Task inputs:
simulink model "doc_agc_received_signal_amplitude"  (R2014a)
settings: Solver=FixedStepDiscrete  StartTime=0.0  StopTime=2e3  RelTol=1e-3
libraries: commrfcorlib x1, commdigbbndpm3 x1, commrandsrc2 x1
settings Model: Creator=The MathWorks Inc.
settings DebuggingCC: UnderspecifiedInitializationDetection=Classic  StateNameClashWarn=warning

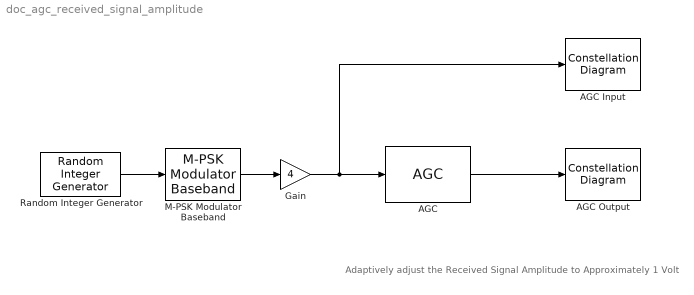
== system doc_agc_received_signal_amplitude ==
  note: Adaptively adjust the Received Signal Amplitude to Approximately 1 Volt
  AGC : commrfcorlib/AGC  SimulateUsing=Code generation  DetectorMethod=Rectifier  LoopMethod=Linear  UpdatePeriod=100  StepSize=0.1  MaximumGain=30  GainOutputPort=off
  AGC Input : ConstellationDiagram  Tag=ScatterPlot
  AGC Output : ConstellationDiagram  Tag=ScatterPlot
  Gain : Gain  Gain=4
  M-PSK Modulator Baseband : commdigbbndpm3/M-PSK Modulator Baseband  M=4  InType=Integer  Enc=Gray  Mapping=[0:7]  Ph=pi/4  outDtype=double  outWordLen=16  outUDDataType=sfix(16)  outFracLenMode=Best precision  outFracLen=15
  Random Integer Generator : commrandsrc2/Random Integer Generator  mul=4  seed=37  Ts=1  frameBased=on  sampPerFrame=1000  orient=off  outDataType=double
  wires:
  Random Integer Generator/1 -> M-PSK Modulator Baseband/1
  M-PSK Modulator Baseband/1 -> Gain/1
  AGC/1 -> AGC Output/1
  Gain/1 -> AGC Input/1, AGC/1
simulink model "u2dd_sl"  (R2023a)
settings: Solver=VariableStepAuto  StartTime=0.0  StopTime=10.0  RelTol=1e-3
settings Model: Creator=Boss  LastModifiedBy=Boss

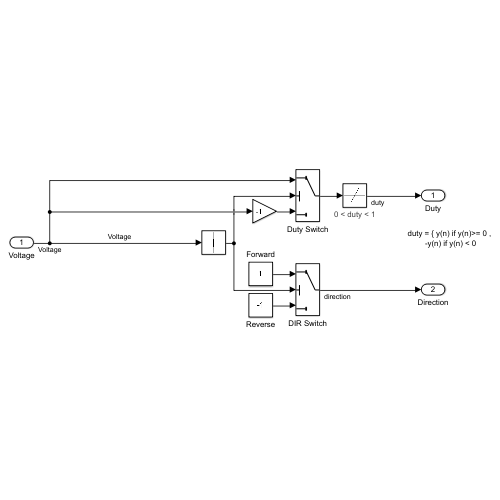
[thumbnail: Simulink's stored preview of the top-level diagram]
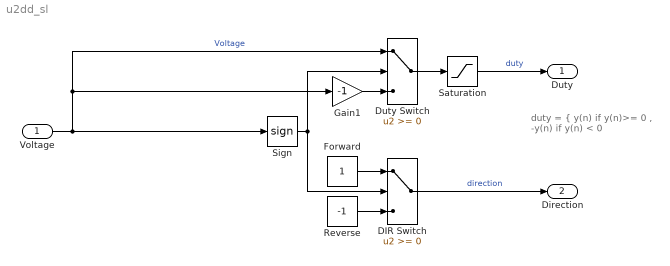
== system u2dd_sl ==
  note: duty = { y(n) if y(n)>= 0 ,
      |  -y(n) if y(n) < 0
  Voltage : Inport
  DIR Switch : Switch  SaturateOnIntegerOverflow=off  InputSameDT=off
  Duty Switch : Switch  SaturateOnIntegerOverflow=off  InputSameDT=off
  Forward : Constant  OutDataTypeStr=double
  Gain1 : Gain  Gain=-1
  Reverse : Constant  Value=-1  OutDataTypeStr=double
  Saturation : Saturate  UpperLimit=1  LowerLimit=0
      settings: AttributesFormatString=%<LowerLimit> < duty < %<UpperLimit>
  Sign : Signum
  Duty : Outport
  Direction : Outport  Port=2
  wires:
  Voltage/1 -> Sign/1, Gain1/1, Duty Switch/1  "Voltage"
  Forward/1 -> DIR Switch/1
  Reverse/1 -> DIR Switch/3
  Sign/1 -> Duty Switch/2, DIR Switch/2
  Gain1/1 -> Duty Switch/3
  DIR Switch/1 -> Direction/1  "direction"
  Duty Switch/1 -> Saturation/1
  Saturation/1 -> Duty/1  "duty"

Your objective: Every line above should be copied exactly; do not carry over the pictures.

Exercise output:
simulink model "doc_agc_received_signal_amplitude"  (R2014a)
settings: Solver=FixedStepDiscrete  StartTime=0.0  StopTime=2e3  RelTol=1e-3
libraries: commrfcorlib x1, commdigbbndpm3 x1, commrandsrc2 x1
settings Model: Creator=The MathWorks Inc.
settings DebuggingCC: UnderspecifiedInitializationDetection=Classic  StateNameClashWarn=warning

== system doc_agc_received_signal_amplitude ==
  note: Adaptively adjust the Received Signal Amplitude to Approximately 1 Volt
  AGC : commrfcorlib/AGC  SimulateUsing=Code generation  DetectorMethod=Rectifier  LoopMethod=Linear  UpdatePeriod=100  StepSize=0.1  MaximumGain=30  GainOutputPort=off
  AGC Input : ConstellationDiagram  Tag=ScatterPlot
  AGC Output : ConstellationDiagram  Tag=ScatterPlot
  Gain : Gain  Gain=4
  M-PSK Modulator Baseband : commdigbbndpm3/M-PSK Modulator Baseband  M=4  InType=Integer  Enc=Gray  Mapping=[0:7]  Ph=pi/4  outDtype=double  outWordLen=16  outUDDataType=sfix(16)  outFracLenMode=Best precision  outFracLen=15
  Random Integer Generator : commrandsrc2/Random Integer Generator  mul=4  seed=37  Ts=1  frameBased=on  sampPerFrame=1000  orient=off  outDataType=double
  wires:
  Random Integer Generator/1 -> M-PSK Modulator Baseband/1
  M-PSK Modulator Baseband/1 -> Gain/1
  AGC/1 -> AGC Output/1
  Gain/1 -> AGC Input/1, AGC/1
simulink model "u2dd_sl"  (R2023a)
settings: Solver=VariableStepAuto  StartTime=0.0  StopTime=10.0  RelTol=1e-3
settings Model: Creator=Boss  LastModifiedBy=Boss

[thumbnail: Simulink's stored preview of the top-level diagram]
== system u2dd_sl ==
  note: duty = { y(n) if y(n)>= 0 ,
      |  -y(n) if y(n) < 0
  Voltage : Inport
  DIR Switch : Switch  SaturateOnIntegerOverflow=off  InputSameDT=off
  Duty Switch : Switch  SaturateOnIntegerOverflow=off  InputSameDT=off
  Forward : Constant  OutDataTypeStr=double
  Gain1 : Gain  Gain=-1
  Reverse : Constant  Value=-1  OutDataTypeStr=double
  Saturation : Saturate  UpperLimit=1  LowerLimit=0
      settings: AttributesFormatString=%<LowerLimit> < duty < %<UpperLimit>
  Sign : Signum
  Duty : Outport
  Direction : Outport  Port=2
  wires:
  Voltage/1 -> Sign/1, Gain1/1, Duty Switch/1  "Voltage"
  Forward/1 -> DIR Switch/1
  Reverse/1 -> DIR Switch/3
  Sign/1 -> Duty Switch/2, DIR Switch/2
  Gain1/1 -> Duty Switch/3
  DIR Switch/1 -> Direction/1  "direction"
  Duty Switch/1 -> Saturation/1
  Saturation/1 -> Duty/1  "duty"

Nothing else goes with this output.